My wife (still fun to write!) and I just put up a Christmas tree together for the first time—our Christmas tree. I don't get overly excited about these sorts of things, and frankly I find myself disgusted by much of what passes for "Christmas" tradition: I'd rather focus on Christ's advent into this world. And, as my family can attest, trees and ornaments really haven't done much for me the past few years. Even so, I deeply enjoyed spending the time with my wife and the tree, covered in ornaments, looks rather lovely.

Circumstances do seem, as they say, to conspire against us sometimes. The very moments when we find ourselves rejoicing in a success, it's wiped away before our eyes. We are tempted to rage at God, and sometimes, like the Psalmist, we do rage at Him. In those moments, I return to an unshakeable confidence that the last few years have birthed in me. No matter how little I see God's sovereign goodness in the moment, I know in the depths of my soul that He is in control of every circumstance, and He is good.

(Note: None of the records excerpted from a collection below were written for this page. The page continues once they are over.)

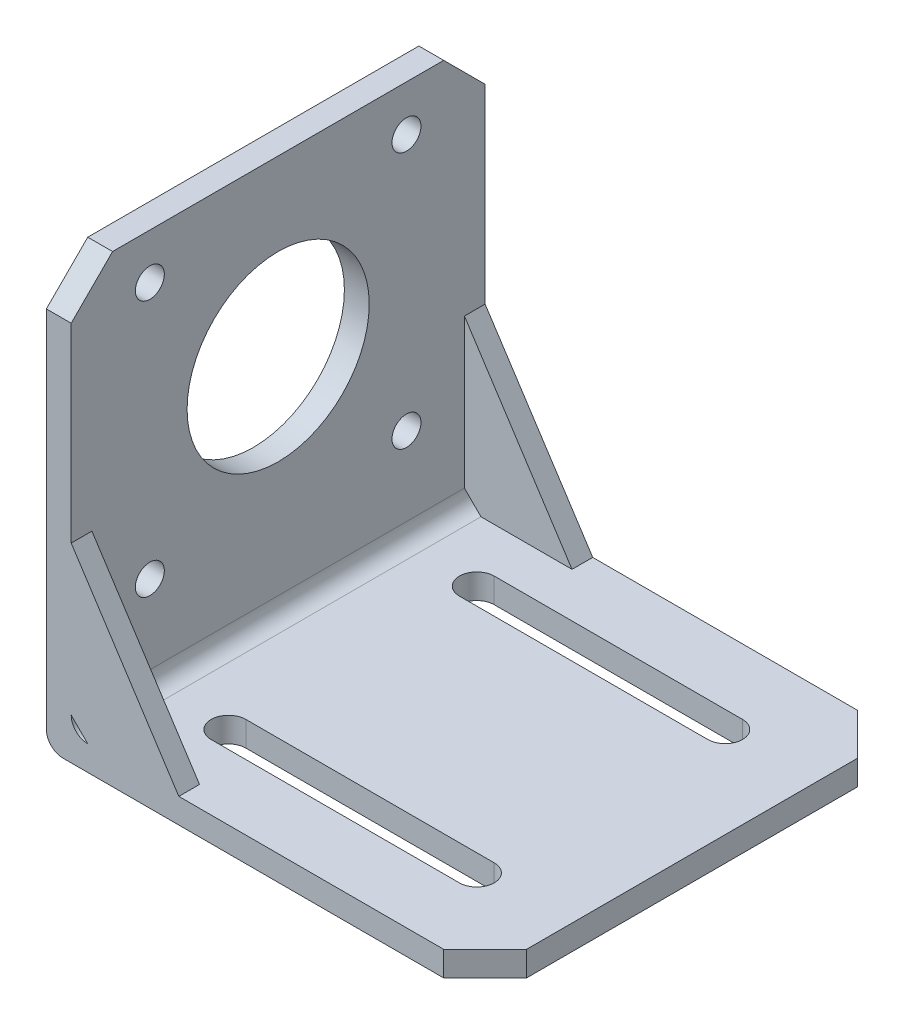
from build123d import *

# Parameters (mm, degrees)
EXTRUDE_1_DEPTH     = 25
CUT_EXTRUDE_1_REACH = 77.67
SKETCH_2_R          = 11
SKETCH_2_R_2        = 1.75
CUT_EXTRUDE_2_REACH = 77.75
CHAMFER_1_SIZE      = 5
FILLET_1_R          = 2
EXTRUDE_2_DEPTH     = 2.5


with BuildPart() as part:
    # 草图1 → 凸台-拉伸1 (new, symmetric)
    with BuildSketch(Plane.XY):
        Polygon((0, 0), (-53, 0), (-53, 51), (-50, 51), (-50, 3), (0, 3), align=None)
    extrude(amount=EXTRUDE_1_DEPTH, both=True)

    # 草图2 → 切除-拉伸1 (cut, up to next)
    with BuildSketch(Plane(origin=(-50, 0, 0), x_dir=(0, 0, -1), z_dir=(1, 0, 0)), mode=Mode.PRIVATE) as cut_extrude_1_sk1:
        with Locations(Location((0, 30, 0), (0, 0, 90))):
            Circle(SKETCH_2_R)
    cut_extrude_1_tool1 = extrude(cut_extrude_1_sk1.sketch, amount=-CUT_EXTRUDE_1_REACH, mode=Mode.PRIVATE) & part.part
    # 草图2 → 切除-拉伸1 (cut, up to next)
    with BuildSketch(Plane(origin=(-50, 0, 0), x_dir=(0, 0, -1), z_dir=(1, 0, 0)), mode=Mode.PRIVATE) as cut_extrude_1_sk2:
        with Locations(Location((-15.5, 45.5, 0), (0, 0, 90))):
            Circle(SKETCH_2_R_2)
    cut_extrude_1_tool2 = extrude(cut_extrude_1_sk2.sketch, amount=-CUT_EXTRUDE_1_REACH, mode=Mode.PRIVATE) & part.part
    # 草图2 → 切除-拉伸1 (cut, up to next)
    with BuildSketch(Plane(origin=(-50, 0, 0), x_dir=(0, 0, -1), z_dir=(1, 0, 0)), mode=Mode.PRIVATE) as cut_extrude_1_sk3:
        with Locations(Location((15.5, 45.5, 0), (0, 0, 90))):
            Circle(SKETCH_2_R_2)
    cut_extrude_1_tool3 = extrude(cut_extrude_1_sk3.sketch, amount=-CUT_EXTRUDE_1_REACH, mode=Mode.PRIVATE) & part.part
    # 草图2 → 切除-拉伸1 (cut, up to next)
    with BuildSketch(Plane(origin=(-50, 0, 0), x_dir=(0, 0, -1), z_dir=(1, 0, 0)), mode=Mode.PRIVATE) as cut_extrude_1_sk4:
        with Locations(Location((-15.5, 14.5, 0), (0, 0, 90))):
            Circle(SKETCH_2_R_2)
    cut_extrude_1_tool4 = extrude(cut_extrude_1_sk4.sketch, amount=-CUT_EXTRUDE_1_REACH, mode=Mode.PRIVATE) & part.part
    # 草图2 → 切除-拉伸1 (cut, up to next)
    with BuildSketch(Plane(origin=(-50, 0, 0), x_dir=(0, 0, -1), z_dir=(1, 0, 0)), mode=Mode.PRIVATE) as cut_extrude_1_sk5:
        with Locations(Location((15.5, 14.5, 0), (0, 0, 90))):
            Circle(SKETCH_2_R_2)
    cut_extrude_1_tool5 = extrude(cut_extrude_1_sk5.sketch, amount=-CUT_EXTRUDE_1_REACH, mode=Mode.PRIVATE) & part.part
    add(cut_extrude_1_tool1.solids().sort_by_distance((-50, 30, 0))[0], mode=Mode.SUBTRACT)
    add(cut_extrude_1_tool2.solids().sort_by_distance((-50, 45.5, 15.5))[0], mode=Mode.SUBTRACT)
    add(cut_extrude_1_tool3.solids().sort_by_distance((-50, 45.5, -15.5))[0], mode=Mode.SUBTRACT)
    add(cut_extrude_1_tool4.solids().sort_by_distance((-50, 14.5, 15.5))[0], mode=Mode.SUBTRACT)
    add(cut_extrude_1_tool5.solids().sort_by_distance((-50, 14.5, -15.5))[0], mode=Mode.SUBTRACT)

    # 草图3 → 切除-拉伸2 (cut, up to next)
    with BuildSketch(Plane(origin=(0, 3, 0), x_dir=(1, 0, 0), z_dir=(0, 1, 0)), mode=Mode.PRIVATE) as cut_extrude_2_sk1:
        with BuildLine():
            Line((-41, 17.1), (-11, 17.1))
            ThreePointArc((-11, 17.1), (-8.9, 15), (-11, 12.9))
            Line((-11, 12.9), (-41, 12.9))
            ThreePointArc((-41, 12.9), (-43.1, 15), (-41, 17.1))
        make_face()
    cut_extrude_2_tool1 = extrude(cut_extrude_2_sk1.sketch, amount=-CUT_EXTRUDE_2_REACH, mode=Mode.PRIVATE) & part.part
    # 草图3 → 切除-拉伸2 (cut, up to next)
    with BuildSketch(Plane(origin=(0, 3, 0), x_dir=(1, 0, 0), z_dir=(0, 1, 0)), mode=Mode.PRIVATE) as cut_extrude_2_sk2:
        with BuildLine():
            Line((-41, -12.9), (-11, -12.9))
            ThreePointArc((-11, -12.9), (-8.9, -15), (-11, -17.1))
            Line((-11, -17.1), (-41, -17.1))
            ThreePointArc((-41, -17.1), (-43.1, -15), (-41, -12.9))
        make_face()
    cut_extrude_2_tool2 = extrude(cut_extrude_2_sk2.sketch, amount=-CUT_EXTRUDE_2_REACH, mode=Mode.PRIVATE) & part.part
    add(cut_extrude_2_tool1.solids().sort_by_distance((-26, 3, -15))[0], mode=Mode.SUBTRACT)
    add(cut_extrude_2_tool2.solids().sort_by_distance((-26, 3, 15))[0], mode=Mode.SUBTRACT)

    # 倒角1
    chamfer_1_edges = [part.edges().sort_by_distance(p)[0] for p in [
        (-51.5, 51, 25),
        (0, 1.5, 25),
        (-51.5, 51, -25),
        (0, 1.5, -25),
    ]]
    chamfer(chamfer_1_edges, length=CHAMFER_1_SIZE)

    # 圆角1
    fillet_1_edges = [part.edges().sort_by_distance(p)[0] for p in [
        (-53, 0, 0),
        (-50, 3, 0),
    ]]
    fillet(fillet_1_edges, radius=FILLET_1_R)

    # 草图4 → 凸台-拉伸2 (add)
    with BuildSketch(Plane.XY.offset(25)):
        Polygon((-50, 23), (-50, 5), (-48, 3), (-37, 3), align=None)
    extrude_2 = extrude(amount=-EXTRUDE_2_DEPTH)

    # 镜向1: 凸台-拉伸2 across plane
    add(extrude_2.mirror(Plane.XY))


solid = part.part

Language is a funny thing. As I wrote a few weeks ago, there is both power in simplicity and beauty in sprawling language. As much as some of my friends may protest, Dostoevsky remains one of the greatest authors ever to live—because of, and not in spite of, his wordiness. In layering word upon word, phrase upon phrase, he built up scenes and sometimes entire days of narrative in ways that resonate deeply with me whenever I read his works. More, he does so in a way that fewer words could not accomplish.

I reflected yesterday, in a moment of dreadful irony, that it's a terrible thing to be forced to study interesting topics for work. I find it even more dreadful that my pay is contingent on learning and applying intriguing ideas. I mean, really! It's quite an affront to my general sensibilities: work ought to be dull, boring, and and unexceptional in every way. The notion that it could be interesting has never crossed my mind, and I'm not sure whether to be frightened or infuriated by the concept. Perhaps meditating on the tastiness of chocolate chip cookies will help.

And now, for a bunch of random—wait, make that miscellaneous, as none of this is actually random—things to fill up the end of the post. First, my mom has written more blog posts in the last week than in the preceding 17 months. I find that impressive, most impressive—but I'll end the Darth Vader imitation now. Second, I cannot remember what the second miscellany was to be. Third, I remembered: because it's been so long, she's still pointing to my old blog. Fourth, there's something mildly amusing about critiquing brevity in writing in posts designed to practice just that...

1 comment:

  1. HAHA! Love the last sentence.

    You rock.

    So do chocolate chip cookies (which I make...HAHA again).